# PROVIDED RECORDS
^^^^^^^^
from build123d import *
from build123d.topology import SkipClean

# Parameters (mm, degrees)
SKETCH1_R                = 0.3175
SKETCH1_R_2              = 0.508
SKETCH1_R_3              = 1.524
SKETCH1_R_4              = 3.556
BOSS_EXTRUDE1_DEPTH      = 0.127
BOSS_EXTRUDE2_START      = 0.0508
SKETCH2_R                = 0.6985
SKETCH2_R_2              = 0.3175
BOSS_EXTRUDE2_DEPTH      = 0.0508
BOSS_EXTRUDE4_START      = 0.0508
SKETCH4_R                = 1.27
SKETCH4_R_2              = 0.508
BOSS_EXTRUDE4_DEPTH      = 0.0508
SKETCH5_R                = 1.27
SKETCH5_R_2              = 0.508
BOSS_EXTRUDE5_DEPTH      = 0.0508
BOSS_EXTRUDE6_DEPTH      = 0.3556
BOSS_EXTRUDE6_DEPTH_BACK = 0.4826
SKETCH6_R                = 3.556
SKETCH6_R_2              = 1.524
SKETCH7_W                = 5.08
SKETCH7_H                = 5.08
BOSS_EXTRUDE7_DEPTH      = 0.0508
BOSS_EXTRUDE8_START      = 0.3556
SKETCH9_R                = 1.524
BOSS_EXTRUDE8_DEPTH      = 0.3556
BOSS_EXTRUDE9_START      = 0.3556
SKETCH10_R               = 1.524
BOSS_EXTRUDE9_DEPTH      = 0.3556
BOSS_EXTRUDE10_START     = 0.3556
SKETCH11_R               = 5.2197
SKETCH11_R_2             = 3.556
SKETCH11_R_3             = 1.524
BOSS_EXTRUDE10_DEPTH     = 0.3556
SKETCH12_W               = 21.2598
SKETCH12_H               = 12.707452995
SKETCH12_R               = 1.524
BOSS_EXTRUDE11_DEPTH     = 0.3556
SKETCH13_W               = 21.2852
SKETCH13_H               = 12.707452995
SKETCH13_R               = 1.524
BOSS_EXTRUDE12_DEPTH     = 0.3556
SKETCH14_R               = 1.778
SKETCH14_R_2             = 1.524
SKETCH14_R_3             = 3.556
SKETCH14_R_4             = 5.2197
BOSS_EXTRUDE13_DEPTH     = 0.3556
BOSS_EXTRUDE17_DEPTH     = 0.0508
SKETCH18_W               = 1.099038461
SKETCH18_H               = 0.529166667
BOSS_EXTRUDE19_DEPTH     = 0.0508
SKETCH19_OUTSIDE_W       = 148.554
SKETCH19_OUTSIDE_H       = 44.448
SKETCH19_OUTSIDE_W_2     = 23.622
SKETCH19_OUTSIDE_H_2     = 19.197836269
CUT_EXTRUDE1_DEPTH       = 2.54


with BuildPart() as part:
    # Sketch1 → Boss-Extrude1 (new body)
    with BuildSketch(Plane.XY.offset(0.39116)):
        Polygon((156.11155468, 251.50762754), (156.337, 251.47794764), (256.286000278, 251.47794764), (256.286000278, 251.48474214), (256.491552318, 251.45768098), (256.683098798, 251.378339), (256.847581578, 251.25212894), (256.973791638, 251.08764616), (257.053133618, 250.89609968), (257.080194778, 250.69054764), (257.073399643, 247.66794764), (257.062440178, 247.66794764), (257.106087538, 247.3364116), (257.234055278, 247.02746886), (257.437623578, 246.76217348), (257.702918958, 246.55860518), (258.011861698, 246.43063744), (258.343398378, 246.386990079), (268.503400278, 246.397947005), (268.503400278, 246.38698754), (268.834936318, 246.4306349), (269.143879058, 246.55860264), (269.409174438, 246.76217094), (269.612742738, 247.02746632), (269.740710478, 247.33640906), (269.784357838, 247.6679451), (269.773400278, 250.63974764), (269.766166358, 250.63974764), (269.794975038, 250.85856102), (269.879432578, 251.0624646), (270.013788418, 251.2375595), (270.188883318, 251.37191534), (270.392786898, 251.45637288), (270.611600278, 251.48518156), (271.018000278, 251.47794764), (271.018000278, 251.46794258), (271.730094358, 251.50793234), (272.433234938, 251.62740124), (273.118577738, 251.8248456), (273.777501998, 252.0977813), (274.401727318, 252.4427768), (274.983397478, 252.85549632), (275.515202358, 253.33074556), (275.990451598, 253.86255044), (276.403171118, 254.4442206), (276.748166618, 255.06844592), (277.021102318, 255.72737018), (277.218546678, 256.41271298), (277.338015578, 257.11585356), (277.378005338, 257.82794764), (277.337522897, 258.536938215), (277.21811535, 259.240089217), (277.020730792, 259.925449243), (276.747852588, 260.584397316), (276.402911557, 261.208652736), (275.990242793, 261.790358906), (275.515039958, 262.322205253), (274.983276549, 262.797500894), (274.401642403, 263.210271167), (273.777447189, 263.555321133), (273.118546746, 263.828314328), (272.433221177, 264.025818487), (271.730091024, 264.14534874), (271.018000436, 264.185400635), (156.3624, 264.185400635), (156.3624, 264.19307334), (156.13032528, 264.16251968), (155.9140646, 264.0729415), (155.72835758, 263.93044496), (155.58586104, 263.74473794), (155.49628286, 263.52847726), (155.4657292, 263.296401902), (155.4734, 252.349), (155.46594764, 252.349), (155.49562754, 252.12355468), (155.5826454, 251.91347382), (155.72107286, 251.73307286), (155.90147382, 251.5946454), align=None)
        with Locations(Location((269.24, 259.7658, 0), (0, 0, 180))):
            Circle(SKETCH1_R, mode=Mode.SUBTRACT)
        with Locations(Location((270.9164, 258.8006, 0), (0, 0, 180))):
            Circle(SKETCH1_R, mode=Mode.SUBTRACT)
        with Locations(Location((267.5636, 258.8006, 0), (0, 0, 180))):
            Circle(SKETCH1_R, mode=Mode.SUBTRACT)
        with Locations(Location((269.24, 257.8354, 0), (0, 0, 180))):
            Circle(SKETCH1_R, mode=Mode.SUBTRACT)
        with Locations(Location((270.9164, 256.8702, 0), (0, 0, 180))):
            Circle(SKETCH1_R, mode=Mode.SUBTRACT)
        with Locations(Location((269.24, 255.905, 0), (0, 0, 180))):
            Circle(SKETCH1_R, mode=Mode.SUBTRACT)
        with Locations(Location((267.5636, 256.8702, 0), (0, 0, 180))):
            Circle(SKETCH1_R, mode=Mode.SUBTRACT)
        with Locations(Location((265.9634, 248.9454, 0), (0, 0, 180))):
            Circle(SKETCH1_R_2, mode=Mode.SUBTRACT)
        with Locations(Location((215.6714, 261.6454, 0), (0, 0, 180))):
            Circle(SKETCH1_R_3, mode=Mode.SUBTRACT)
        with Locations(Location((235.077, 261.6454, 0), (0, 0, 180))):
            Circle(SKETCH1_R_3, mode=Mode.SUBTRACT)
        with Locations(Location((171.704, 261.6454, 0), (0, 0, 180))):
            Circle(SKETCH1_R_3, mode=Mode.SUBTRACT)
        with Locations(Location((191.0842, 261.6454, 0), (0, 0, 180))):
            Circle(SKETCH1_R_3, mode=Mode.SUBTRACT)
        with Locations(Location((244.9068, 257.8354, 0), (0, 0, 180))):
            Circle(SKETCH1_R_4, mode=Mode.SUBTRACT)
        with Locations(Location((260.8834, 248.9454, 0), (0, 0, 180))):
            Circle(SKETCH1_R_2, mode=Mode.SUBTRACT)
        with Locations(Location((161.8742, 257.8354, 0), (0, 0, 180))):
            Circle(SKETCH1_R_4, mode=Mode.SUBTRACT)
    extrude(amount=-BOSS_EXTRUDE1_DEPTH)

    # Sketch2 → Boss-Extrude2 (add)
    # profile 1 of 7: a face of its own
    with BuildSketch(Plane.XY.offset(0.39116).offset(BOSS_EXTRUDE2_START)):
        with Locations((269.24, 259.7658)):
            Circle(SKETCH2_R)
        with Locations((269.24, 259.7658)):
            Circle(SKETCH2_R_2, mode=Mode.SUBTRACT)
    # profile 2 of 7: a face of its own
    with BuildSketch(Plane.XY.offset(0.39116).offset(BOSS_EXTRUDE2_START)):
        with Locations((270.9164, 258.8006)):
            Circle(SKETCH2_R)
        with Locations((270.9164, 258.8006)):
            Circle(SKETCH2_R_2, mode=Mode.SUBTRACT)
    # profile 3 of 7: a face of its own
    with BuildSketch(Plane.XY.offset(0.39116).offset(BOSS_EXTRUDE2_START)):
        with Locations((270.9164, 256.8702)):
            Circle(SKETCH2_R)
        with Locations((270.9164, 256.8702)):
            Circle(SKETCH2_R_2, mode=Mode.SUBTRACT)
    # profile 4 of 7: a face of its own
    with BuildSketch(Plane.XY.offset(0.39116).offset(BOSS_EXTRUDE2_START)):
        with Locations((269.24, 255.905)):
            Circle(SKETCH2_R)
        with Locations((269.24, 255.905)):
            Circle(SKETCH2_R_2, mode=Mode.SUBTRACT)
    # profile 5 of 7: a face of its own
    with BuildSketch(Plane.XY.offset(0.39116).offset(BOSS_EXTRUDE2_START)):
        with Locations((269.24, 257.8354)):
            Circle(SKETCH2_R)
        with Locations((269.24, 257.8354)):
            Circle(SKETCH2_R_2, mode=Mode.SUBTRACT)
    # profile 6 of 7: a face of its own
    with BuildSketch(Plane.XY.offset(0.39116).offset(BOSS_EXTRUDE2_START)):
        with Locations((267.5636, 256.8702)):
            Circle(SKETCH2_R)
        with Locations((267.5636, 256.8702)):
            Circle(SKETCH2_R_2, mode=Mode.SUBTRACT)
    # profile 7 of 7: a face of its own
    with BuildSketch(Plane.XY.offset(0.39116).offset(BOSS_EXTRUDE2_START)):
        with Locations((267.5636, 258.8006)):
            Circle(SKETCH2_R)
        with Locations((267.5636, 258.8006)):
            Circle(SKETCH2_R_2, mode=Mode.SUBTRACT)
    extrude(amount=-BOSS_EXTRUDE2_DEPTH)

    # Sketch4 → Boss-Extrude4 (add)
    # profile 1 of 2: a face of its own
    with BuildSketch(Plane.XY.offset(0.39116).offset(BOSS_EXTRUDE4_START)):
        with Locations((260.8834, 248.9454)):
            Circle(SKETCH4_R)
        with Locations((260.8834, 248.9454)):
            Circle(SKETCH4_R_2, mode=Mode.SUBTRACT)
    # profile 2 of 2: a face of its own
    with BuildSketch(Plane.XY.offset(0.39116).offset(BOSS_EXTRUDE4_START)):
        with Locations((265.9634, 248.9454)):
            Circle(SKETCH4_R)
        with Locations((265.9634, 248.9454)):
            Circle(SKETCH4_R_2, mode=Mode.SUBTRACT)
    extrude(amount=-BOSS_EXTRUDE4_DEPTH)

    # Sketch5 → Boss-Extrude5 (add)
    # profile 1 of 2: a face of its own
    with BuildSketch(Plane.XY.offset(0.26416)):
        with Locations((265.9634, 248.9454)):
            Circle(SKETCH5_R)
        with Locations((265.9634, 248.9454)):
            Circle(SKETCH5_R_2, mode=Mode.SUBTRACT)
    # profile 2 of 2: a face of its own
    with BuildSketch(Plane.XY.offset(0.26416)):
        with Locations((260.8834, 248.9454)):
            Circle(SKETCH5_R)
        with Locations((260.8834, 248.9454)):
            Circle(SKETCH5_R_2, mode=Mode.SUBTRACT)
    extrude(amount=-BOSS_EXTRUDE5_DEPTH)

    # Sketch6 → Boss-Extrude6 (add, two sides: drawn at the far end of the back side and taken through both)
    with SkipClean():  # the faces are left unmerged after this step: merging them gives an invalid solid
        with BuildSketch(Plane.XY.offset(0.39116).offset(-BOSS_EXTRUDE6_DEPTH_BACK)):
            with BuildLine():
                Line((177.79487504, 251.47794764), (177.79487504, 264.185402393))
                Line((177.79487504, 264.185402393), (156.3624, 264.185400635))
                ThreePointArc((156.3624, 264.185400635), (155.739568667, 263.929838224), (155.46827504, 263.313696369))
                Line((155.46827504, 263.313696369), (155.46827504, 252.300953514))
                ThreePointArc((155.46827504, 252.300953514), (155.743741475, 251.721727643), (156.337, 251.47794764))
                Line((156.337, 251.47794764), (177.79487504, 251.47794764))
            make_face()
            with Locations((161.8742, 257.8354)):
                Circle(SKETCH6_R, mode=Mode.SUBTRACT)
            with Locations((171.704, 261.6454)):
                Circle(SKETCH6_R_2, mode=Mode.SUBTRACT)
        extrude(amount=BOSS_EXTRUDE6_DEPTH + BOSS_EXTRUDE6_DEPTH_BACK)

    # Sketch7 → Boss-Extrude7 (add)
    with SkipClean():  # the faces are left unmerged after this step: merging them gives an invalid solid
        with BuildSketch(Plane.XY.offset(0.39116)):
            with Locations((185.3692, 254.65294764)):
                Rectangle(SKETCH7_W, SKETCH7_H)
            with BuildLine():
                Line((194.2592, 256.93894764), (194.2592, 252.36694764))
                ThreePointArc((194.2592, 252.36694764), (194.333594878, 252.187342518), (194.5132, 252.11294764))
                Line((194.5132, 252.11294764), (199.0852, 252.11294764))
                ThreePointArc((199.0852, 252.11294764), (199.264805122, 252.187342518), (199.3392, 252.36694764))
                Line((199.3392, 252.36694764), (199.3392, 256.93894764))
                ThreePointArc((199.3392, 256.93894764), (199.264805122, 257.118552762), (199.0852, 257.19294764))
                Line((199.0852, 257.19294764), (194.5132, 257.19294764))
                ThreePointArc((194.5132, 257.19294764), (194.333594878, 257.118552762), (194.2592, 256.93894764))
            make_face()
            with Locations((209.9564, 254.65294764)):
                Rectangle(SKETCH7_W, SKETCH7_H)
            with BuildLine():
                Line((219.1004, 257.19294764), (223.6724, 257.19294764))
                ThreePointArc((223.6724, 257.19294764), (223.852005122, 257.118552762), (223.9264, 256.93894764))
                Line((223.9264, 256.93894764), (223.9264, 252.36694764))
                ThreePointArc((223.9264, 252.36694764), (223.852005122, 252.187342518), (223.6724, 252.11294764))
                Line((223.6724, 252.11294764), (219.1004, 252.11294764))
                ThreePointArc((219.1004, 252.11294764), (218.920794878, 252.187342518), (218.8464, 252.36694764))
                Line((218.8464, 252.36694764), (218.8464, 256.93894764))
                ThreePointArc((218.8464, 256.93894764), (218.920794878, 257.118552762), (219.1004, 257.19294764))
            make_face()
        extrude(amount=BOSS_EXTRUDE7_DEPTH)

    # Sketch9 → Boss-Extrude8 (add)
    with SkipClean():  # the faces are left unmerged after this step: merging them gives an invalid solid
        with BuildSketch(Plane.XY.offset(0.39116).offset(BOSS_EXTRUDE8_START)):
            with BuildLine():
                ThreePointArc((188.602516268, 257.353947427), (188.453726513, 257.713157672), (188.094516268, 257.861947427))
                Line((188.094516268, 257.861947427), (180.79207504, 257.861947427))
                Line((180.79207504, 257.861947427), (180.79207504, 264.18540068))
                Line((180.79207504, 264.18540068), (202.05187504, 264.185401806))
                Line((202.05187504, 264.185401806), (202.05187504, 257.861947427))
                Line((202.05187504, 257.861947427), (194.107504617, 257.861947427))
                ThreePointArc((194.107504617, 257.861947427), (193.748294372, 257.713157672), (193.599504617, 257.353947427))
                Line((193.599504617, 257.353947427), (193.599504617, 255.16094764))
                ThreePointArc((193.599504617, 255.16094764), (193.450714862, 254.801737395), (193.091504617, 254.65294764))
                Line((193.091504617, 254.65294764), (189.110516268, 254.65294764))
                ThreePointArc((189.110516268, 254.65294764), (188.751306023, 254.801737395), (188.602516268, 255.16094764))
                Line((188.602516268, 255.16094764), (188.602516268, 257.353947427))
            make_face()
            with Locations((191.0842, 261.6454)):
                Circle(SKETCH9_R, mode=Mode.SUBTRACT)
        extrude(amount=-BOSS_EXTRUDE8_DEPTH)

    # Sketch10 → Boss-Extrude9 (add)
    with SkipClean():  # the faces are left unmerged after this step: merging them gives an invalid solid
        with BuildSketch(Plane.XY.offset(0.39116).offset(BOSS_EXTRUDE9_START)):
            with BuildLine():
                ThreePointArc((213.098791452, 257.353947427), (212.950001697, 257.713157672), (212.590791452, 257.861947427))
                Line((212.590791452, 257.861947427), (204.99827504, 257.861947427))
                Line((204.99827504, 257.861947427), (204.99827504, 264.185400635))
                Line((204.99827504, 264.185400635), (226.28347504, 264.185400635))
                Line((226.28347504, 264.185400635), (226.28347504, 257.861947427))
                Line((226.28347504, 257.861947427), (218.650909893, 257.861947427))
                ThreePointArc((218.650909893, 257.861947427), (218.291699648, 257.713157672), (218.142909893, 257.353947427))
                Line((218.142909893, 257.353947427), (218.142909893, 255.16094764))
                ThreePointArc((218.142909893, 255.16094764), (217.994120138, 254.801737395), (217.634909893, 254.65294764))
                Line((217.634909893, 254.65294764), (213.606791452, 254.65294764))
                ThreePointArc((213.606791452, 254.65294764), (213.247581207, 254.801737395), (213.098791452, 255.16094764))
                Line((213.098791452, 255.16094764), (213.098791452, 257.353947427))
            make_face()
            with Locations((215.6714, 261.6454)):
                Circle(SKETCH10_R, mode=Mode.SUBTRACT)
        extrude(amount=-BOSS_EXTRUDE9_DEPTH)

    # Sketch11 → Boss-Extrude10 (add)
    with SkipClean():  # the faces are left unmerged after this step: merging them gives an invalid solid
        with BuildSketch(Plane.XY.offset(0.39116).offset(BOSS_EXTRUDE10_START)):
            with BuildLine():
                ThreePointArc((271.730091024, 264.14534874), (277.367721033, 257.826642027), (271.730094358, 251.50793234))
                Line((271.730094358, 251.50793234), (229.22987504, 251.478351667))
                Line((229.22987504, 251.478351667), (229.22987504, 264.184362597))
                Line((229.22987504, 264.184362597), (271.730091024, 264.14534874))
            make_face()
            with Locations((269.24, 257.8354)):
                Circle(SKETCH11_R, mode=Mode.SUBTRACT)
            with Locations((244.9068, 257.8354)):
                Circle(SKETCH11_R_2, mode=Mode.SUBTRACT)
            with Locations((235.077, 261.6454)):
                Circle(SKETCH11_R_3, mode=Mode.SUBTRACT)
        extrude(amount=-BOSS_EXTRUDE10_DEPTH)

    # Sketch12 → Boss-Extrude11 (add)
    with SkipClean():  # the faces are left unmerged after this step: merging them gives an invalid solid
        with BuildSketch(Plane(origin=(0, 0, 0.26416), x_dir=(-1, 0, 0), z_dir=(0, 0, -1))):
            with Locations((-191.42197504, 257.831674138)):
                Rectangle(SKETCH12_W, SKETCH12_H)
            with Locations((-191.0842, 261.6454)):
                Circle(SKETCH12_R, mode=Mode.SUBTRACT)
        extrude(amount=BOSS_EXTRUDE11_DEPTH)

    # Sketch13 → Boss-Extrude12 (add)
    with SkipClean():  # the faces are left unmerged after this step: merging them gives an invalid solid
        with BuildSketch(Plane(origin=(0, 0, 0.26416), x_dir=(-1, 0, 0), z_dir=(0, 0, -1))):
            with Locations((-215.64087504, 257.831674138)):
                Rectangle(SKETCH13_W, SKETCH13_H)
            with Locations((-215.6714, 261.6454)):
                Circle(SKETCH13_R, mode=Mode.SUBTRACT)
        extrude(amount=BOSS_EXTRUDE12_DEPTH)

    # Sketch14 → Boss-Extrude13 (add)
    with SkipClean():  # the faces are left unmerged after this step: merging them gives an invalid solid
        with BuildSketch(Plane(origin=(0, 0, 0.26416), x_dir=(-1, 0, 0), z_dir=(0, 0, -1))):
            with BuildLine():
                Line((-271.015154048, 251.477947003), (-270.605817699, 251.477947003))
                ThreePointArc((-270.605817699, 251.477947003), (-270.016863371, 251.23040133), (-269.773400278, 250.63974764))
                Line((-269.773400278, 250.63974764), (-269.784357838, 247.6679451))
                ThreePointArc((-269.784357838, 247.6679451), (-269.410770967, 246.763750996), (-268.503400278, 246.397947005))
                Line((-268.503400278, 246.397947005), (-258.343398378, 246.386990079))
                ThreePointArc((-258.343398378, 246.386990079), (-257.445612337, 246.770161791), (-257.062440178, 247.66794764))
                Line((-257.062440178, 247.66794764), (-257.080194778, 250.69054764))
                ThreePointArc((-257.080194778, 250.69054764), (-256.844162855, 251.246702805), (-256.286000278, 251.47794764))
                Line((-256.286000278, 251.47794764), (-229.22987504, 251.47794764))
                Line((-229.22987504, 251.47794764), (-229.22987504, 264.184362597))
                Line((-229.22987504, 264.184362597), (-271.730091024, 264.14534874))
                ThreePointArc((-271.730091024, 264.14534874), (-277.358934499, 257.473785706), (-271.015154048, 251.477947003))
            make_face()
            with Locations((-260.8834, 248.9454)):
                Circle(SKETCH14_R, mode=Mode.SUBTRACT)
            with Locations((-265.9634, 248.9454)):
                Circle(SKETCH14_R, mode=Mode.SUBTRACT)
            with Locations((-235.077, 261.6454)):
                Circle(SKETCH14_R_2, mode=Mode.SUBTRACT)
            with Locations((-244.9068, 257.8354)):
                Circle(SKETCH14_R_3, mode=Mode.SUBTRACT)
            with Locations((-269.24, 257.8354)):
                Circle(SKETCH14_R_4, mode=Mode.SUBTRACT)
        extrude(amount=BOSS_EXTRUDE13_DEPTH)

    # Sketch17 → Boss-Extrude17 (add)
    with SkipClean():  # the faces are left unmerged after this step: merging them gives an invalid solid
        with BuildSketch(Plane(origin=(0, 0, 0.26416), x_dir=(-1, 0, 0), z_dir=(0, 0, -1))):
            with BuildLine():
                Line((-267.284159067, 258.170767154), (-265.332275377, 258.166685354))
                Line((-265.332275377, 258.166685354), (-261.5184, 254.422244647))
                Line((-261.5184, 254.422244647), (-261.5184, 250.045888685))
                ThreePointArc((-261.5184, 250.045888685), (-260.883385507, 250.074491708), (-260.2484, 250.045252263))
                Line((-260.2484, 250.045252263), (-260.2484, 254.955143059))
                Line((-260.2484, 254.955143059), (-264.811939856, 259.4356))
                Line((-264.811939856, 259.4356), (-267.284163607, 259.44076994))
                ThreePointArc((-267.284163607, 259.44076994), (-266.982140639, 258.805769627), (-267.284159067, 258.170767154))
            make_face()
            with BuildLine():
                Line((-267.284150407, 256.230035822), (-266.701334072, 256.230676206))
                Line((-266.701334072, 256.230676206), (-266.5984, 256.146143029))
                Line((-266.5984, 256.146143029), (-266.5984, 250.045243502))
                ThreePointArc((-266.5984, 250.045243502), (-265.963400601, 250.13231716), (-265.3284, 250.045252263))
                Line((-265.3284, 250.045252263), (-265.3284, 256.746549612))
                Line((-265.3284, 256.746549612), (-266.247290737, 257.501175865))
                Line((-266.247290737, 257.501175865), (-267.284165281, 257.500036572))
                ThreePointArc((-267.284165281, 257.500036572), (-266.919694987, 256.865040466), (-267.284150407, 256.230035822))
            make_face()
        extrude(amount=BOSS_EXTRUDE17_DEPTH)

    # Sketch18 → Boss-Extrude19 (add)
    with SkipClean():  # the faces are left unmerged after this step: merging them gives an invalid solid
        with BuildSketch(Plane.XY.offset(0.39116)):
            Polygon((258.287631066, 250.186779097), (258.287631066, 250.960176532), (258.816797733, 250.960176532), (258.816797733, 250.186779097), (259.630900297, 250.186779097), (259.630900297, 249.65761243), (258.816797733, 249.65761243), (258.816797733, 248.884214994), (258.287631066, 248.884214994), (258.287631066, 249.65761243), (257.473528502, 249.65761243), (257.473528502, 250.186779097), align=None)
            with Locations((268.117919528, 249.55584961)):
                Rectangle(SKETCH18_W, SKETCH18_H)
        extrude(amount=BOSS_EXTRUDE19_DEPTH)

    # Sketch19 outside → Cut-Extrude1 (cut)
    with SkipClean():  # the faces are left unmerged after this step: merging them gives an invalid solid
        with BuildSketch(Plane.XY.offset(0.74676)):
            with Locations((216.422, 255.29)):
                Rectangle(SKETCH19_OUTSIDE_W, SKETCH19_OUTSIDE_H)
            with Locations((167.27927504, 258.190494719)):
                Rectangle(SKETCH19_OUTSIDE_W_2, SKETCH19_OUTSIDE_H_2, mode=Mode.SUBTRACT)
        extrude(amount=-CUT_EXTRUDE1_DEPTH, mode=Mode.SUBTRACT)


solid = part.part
^^^^^^^^
# TASK STATEMENT
Going back over the entries above, copy word for word every line from the one that has "extrude(amount=-BOSS_EXTRUDE4_DEPTH)" on through the one that has "263.929838224), (155.46827504, 263.313696369))".

# RESULT BELOW
    extrude(amount=-BOSS_EXTRUDE4_DEPTH)

    # Sketch5 → Boss-Extrude5 (add)
    # profile 1 of 2: a face of its own
    with BuildSketch(Plane.XY.offset(0.26416)):
        with Locations((265.9634, 248.9454)):
            Circle(SKETCH5_R)
        with Locations((265.9634, 248.9454)):
            Circle(SKETCH5_R_2, mode=Mode.SUBTRACT)
    # profile 2 of 2: a face of its own
    with BuildSketch(Plane.XY.offset(0.26416)):
        with Locations((260.8834, 248.9454)):
            Circle(SKETCH5_R)
        with Locations((260.8834, 248.9454)):
            Circle(SKETCH5_R_2, mode=Mode.SUBTRACT)
    extrude(amount=-BOSS_EXTRUDE5_DEPTH)

    # Sketch6 → Boss-Extrude6 (add, two sides: drawn at the far end of the back side and taken through both)
    with SkipClean():  # the faces are left unmerged after this step: merging them gives an invalid solid
        with BuildSketch(Plane.XY.offset(0.39116).offset(-BOSS_EXTRUDE6_DEPTH_BACK)):
            with BuildLine():
                Line((177.79487504, 251.47794764), (177.79487504, 264.185402393))
                Line((177.79487504, 264.185402393), (156.3624, 264.185400635))
                ThreePointArc((156.3624, 264.185400635), (155.739568667, 263.929838224), (155.46827504, 263.313696369))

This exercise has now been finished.